创作声明:本文为虚构创作,请勿与现实关联
1998年深秋,长白山深处的风像刀子一样刮在脸上。
我把怀里那块带着体温的干粮,递给靠在树根底下冻得直哆嗦的迷路老汉。
他饿坏了,抓过去就狼吞虎咽。可刚嚼了两口,他嚼东西的动作猛地停住了。
我眼睁睁看着他的脸色从冻得发紫,瞬间变得惨白如纸。他突然剧烈地干呕起来,把嘴里的碎渣全吐在雪地上,然后疯了一样扑过来死死抓住我的衣领。
他哆嗦着手,从贴身的破棉袄深处掏出一把生锈的沉重铁锁,硬塞进我手里。
“兄弟,今晚天一黑,把门从里面锁死,谁叫你都别开。

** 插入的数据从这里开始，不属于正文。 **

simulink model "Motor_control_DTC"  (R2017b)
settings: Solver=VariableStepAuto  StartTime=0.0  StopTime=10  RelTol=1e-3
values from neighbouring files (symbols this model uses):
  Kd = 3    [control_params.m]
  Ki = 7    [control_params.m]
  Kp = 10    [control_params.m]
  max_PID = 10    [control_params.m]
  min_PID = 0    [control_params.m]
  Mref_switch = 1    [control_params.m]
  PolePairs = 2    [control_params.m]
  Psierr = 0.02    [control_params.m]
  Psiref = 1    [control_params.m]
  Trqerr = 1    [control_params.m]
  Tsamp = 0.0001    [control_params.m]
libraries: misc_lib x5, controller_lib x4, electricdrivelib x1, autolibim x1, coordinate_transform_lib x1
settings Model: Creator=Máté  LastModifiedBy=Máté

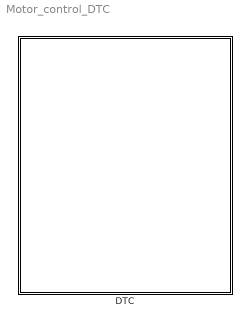
== system Motor_control_DTC ==
  DTC : Subsystem

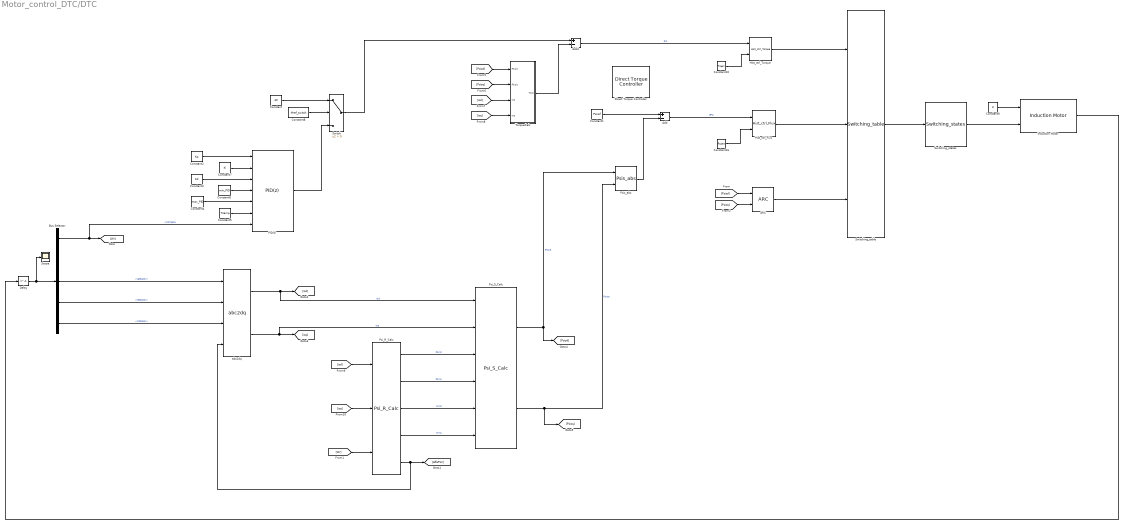
== system Motor_control_DTC/DTC ==
  ARC : controller_lib/ARC
  Add : Sum  Inputs=+-
  Add1 : Sum  Inputs=+-
  Bus Selector : BusSelector  OutputSignals=MtrSpd,MtrTrq,IaStator,IbStator,IcStator
  Constant : Constant  Value=40
  Constant1 : Constant  Value=Psiref
  Constant10 : Constant  Value=Trqerr
  Constant16 : Constant  Value=Psierr
  Constant2 : Constant  Value=Kp
  Constant3 : Constant  Value=Kd
  Constant4 : Constant  Value=max_PID
  Constant5 : Constant  Value=Tsamp
  Constant6 : Constant  Value=min_PID
  Constant7 : Constant  Value=Ki
  Constant8 : Constant  Value=Mref_switch
  Constant9 : Constant  Value=3  VectorParams1D=off
  Delay : Delay  DelayLength=1
  Direct Torque Controller : electricdrivelib/Fundamental Drive Blocks/Direct Torque Controller  OverrideUsingVariant=Detailed  modulationType=Hysteresis  T_bw=0.5  kp_Te=1.5  ki_Te=100  F_bw=0.01  kp_Flux=250  ki_Flux=4000  Ts_DTFC=20e-6  Ts=1e-6  freq_max=20000  car_freq=20000  fc_bus=50  Rss=0.435  in_flux=0.3  p=2
      settings: SourceProductName=Simscape Power Systems  SourceProductBaseCode=PS
  Hist_ctrl_Flux : controller_lib/Hist_ctrl_Flux
  Hist_ctrl_Torque : controller_lib/Hist_ctrl_Torque
  Induction Motor : autolibim/Induction Motor  port_config=Torque  Zs=[1.7 5.4e-3]  Zr="[1.41  4.9e-3]"  Lm=92.6e-3  P=2  theta_init=0  omega_init=0  mechanical=[0.001 0 0]
      settings: SourceProductName=Powertrain Blockset  SourceProductBaseCode=PW
  PID(z) : controller_lib/PID(z)
  Psi_R_Calc : misc_lib/Psi_R_Calc
  Psi_S_Calc : misc_lib/Psi_S_Calc
  Psis_abs : misc_lib/Psis_abs
  Scope : Scope
  Switch : Switch  Criteria=u2 > Threshold
  "Switching_states " : misc_lib/Switching_states 
  Switching_table : misc_lib/Switching_table
  TorqueCalc : Subsystem
  "abc2dq " : coordinate_transform_lib/abc2dq 
  wires:
  PID(z)/1 -> Switch/3
  Constant/1 -> Switch/1
  Constant1/1 -> Add/1
  Add/1 -> Hist_ctrl_Flux/1  "dPsi"
  ARC/1 -> Switching_table/3
  Add1/1 -> Hist_ctrl_Torque/1  "dm"
  Constant2/1 -> PID(z)/1
  Constant3/1 -> PID(z)/3
  Constant4/1 -> PID(z)/5
  Constant5/1 -> PID(z)/6
  Constant6/1 -> PID(z)/4
  Constant7/1 -> PID(z)/2
  Constant8/1 -> Switch/2
  Switch/1 -> Add1/1
  Bus Selector/3 -> "abc2dq "/1  "<IaStator>"
  Bus Selector/4 -> "abc2dq "/2  "<IbStator>"
  Bus Selector/5 -> "abc2dq "/3  "<IcStator>"
  Bus Selector/1 -> PID(z)/7, [Wr]  "<MtrSpd>"
  TorqueCalc/1(Tout) -> Add1/2
  Psi_R_Calc/5 -> "abc2dq "/4, [AlfaPsir]
  Psi_R_Calc/1 -> Psi_S_Calc/3  "Psird"
  Psi_R_Calc/2 -> Psi_S_Calc/4  "Psirq"
  Psi_R_Calc/3 -> Psi_S_Calc/5  "imrd"
  Psi_R_Calc/4 -> Psi_S_Calc/6  "imrq"
  [Wr] -> Psi_R_Calc/3
  Constant16/1 -> Hist_ctrl_Flux/2
  Switching_table/1 -> "Switching_states "/1
  "abc2dq "/1 -> Psi_S_Calc/1, [isd]  "isd"
  "abc2dq "/2 -> Psi_S_Calc/2, [isq]  "isq"
  Psi_S_Calc/1 -> Psis_abs/1, [Psisd]  "Psisd"
  Psi_S_Calc/2 -> Psis_abs/2, [Psisq]  "Psisq"
  [Psisd] -> TorqueCalc/1(Psisd)
  [Psisq] -> TorqueCalc/2(Psisq)
  [isq] -> TorqueCalc/4(isq)
  [isd] -> TorqueCalc/3(isd)
  [isd] -> Psi_R_Calc/1
  [isq] -> Psi_R_Calc/2
  [Psisd] -> ARC/1
  [Psisq] -> ARC/2
  Hist_ctrl_Torque/1 -> Switching_table/1
  Hist_ctrl_Flux/1 -> Switching_table/2
  Psis_abs/1 -> Add/2
  "Switching_states "/1 -> Induction Motor/2
  Constant9/1 -> Induction Motor/1
  Induction Motor/1 -> Delay/1
  Delay/1 -> Scope/1, Bus Selector/1
  Constant10/1 -> Hist_ctrl_Torque/2

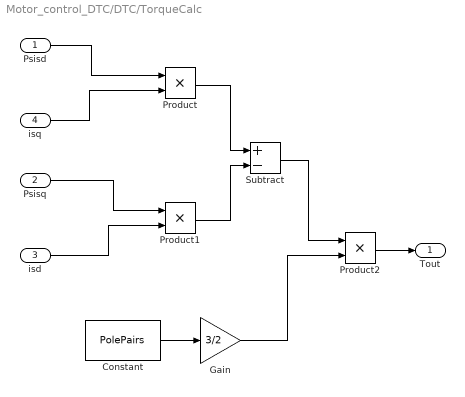
== system Motor_control_DTC/DTC/TorqueCalc ==
  Psisd : Inport
  Psisq : Inport  Port=2
  isd : Inport  Port=3
  isq : Inport  Port=4
  Constant : Constant  Value=PolePairs
  Gain : Gain  Gain=3/2
  Product : Product
  Product1 : Product
  Product2 : Product
  Subtract : Sum  Inputs=+-
  Tout : Outport
  wires:
  Constant/1 -> Gain/1
  Psisd/1 -> Product/1
  isq/1 -> Product/2
  Psisq/1 -> Product1/1
  isd/1 -> Product1/2
  Product/1 -> Subtract/1
  Product1/1 -> Subtract/2
  Subtract/1 -> Product2/1
  Gain/1 -> Product2/2
  Product2/1 -> Tout/1
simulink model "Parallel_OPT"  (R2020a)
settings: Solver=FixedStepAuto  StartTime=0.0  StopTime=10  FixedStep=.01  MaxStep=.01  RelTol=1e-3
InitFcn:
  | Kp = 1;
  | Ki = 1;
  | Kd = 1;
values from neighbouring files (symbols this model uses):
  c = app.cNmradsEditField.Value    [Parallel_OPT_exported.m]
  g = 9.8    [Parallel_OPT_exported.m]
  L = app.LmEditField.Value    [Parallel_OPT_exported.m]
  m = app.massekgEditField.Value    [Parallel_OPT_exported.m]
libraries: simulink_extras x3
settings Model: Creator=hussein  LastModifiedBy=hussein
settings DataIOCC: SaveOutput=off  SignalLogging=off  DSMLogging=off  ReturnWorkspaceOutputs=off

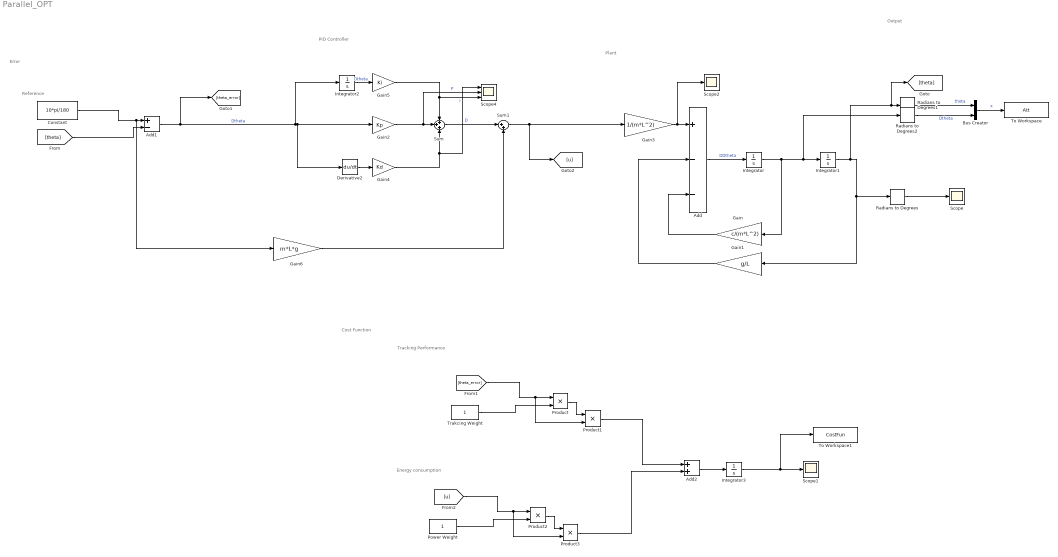
== system Parallel_OPT ==
  note: Cost Function
  note: Tracking Performance
  note: Energy consumption
  note: Output
  note: Plant
  note: Error
  note: Reference
  note: PID Controller
  Add : Sum  Inputs=+--
  Add1 : Sum  Inputs=+-
  Add2 : Sum
  Bus Creator : BusCreator  Inputs=2
  Constant : Constant  Value=10*pi/180
  Derivative2 : Derivative
  Gain : Gain  Gain=c/(m*L^2)
  Gain1 : Gain  Gain=g/L
  Gain2 : Gain  Gain=Kp
  Gain3 : Gain  Gain=1/(m*L^2)
  Gain4 : Gain  Gain=Kd
  Gain5 : Gain  Gain=Ki
  Gain6 : Gain  Gain=m*L*g
  Integrator{,1..3} (4 alike) : Integrator
  Power Weight : Constant
  Product{,1..3} (4 alike) : Product
  Radians to Degrees : simulink_extras/Transformations/Radians to Degrees
  Radians to Degrees1 : simulink_extras/Transformations/Radians to Degrees
  Radians to Degrees2 : simulink_extras/Transformations/Radians to Degrees
  Scope : Scope
  Scope1 : Scope
  Scope2 : Scope
  Scope4 : Scope  NumInputPorts=3
  Sum : Sum  Inputs=+++
  Sum1 : Sum  Inputs=|++
  To Workspace : ToWorkspace  VariableName=Att  SaveFormat=Timeseries  SampleTime=-1
  To Workspace1 : ToWorkspace  VariableName=CostFun  SaveFormat=Timeseries  SampleTime=-1
  Trakcing Weight : Constant
  wires:
  Add/1 -> Integrator/1  "DDtheta"
  Gain/1 -> Add/3
  Gain1/1 -> Add/2
  Gain3/1 -> Scope2/1, Add/1
  Bus Creator/1 -> To Workspace/1  "x"
  Add1/1 -> [theta_error], Integrator2/1, Derivative2/1, Gain2/1  "Dtheta"
  Gain2/1 -> Scope4/2, Sum/2  "P"
  Gain5/1 -> Sum/1, Scope4/3  "I"
  Gain4/1 -> Scope4/1, Sum/3  "D"
  Radians to Degrees/1 -> Scope/1
  [theta] -> Add1/2
  Sum/1 -> Sum1/1
  Integrator2/1 -> Gain5/1  "Dtheta"
  Derivative2/1 -> Gain4/1
  Constant/1 -> Gain6/1, Add1/1
  Gain6/1 -> Sum1/2
  Sum1/1 -> [u], Gain3/1
  Integrator1/1 -> Radians to Degrees1/1, [theta], Gain1/1, Radians to Degrees/1
  Integrator/1 -> Gain/1, Radians to Degrees2/1, Integrator1/1
  Radians to Degrees1/1 -> Bus Creator/1  "theta"
  Radians to Degrees2/1 -> Bus Creator/2  "Dtheta"
  [theta_error] -> Product1/2, Product/1
  Trakcing Weight/1 -> Product/2
  Product/1 -> Product1/1
  Product2/1 -> Product3/1
  Power Weight/1 -> Product2/2
  [u] -> Product2/1, Product3/2
  Product1/1 -> Add2/1
  Product3/1 -> Add2/2
  Add2/1 -> Integrator3/1
  Integrator3/1 -> To Workspace1/1, Scope1/1

记住,谁叫都别开!”
老汉说完这句话,看我的眼神就像在看一个死人。他连滚带爬地扎进了一旁的密林里,活像身后有什么极其恐怖的东西在追。
我捏着那把冰凉的铁锁,站在原地,脊背一点点渗出冷汗。
01
我叫周怀安,原本是县里机修厂的钳工。
98年厂子倒闭,我成了一名下岗职工。那年我三十五岁,家里全乱套了。
妻子顾秋雁在菜市场摆个摊卖冻梨,起早贪黑赚的那点毛票,根本不够填补家里的窟窿。最要命的是,我七岁的女儿在那年秋天查出了严重的肾病。
医生拿着单子跟我说,住院费加上后续的药费,起码得两万块钱。
那时候的两万块,对我来说就是一座翻不过去的大山。秋雁半夜躲在被窝里哭,我蹲在楼道口抽了一地的烟头。
走投无路的时候,我找到了林业站的站长沈长青。沈站长以前跟我父亲是老相识,我舔着脸去求他,问站里有没有来钱快的活儿,多苦多险我都能干。
沈长青喝了口茶,盯着我看了半天,叹了口气。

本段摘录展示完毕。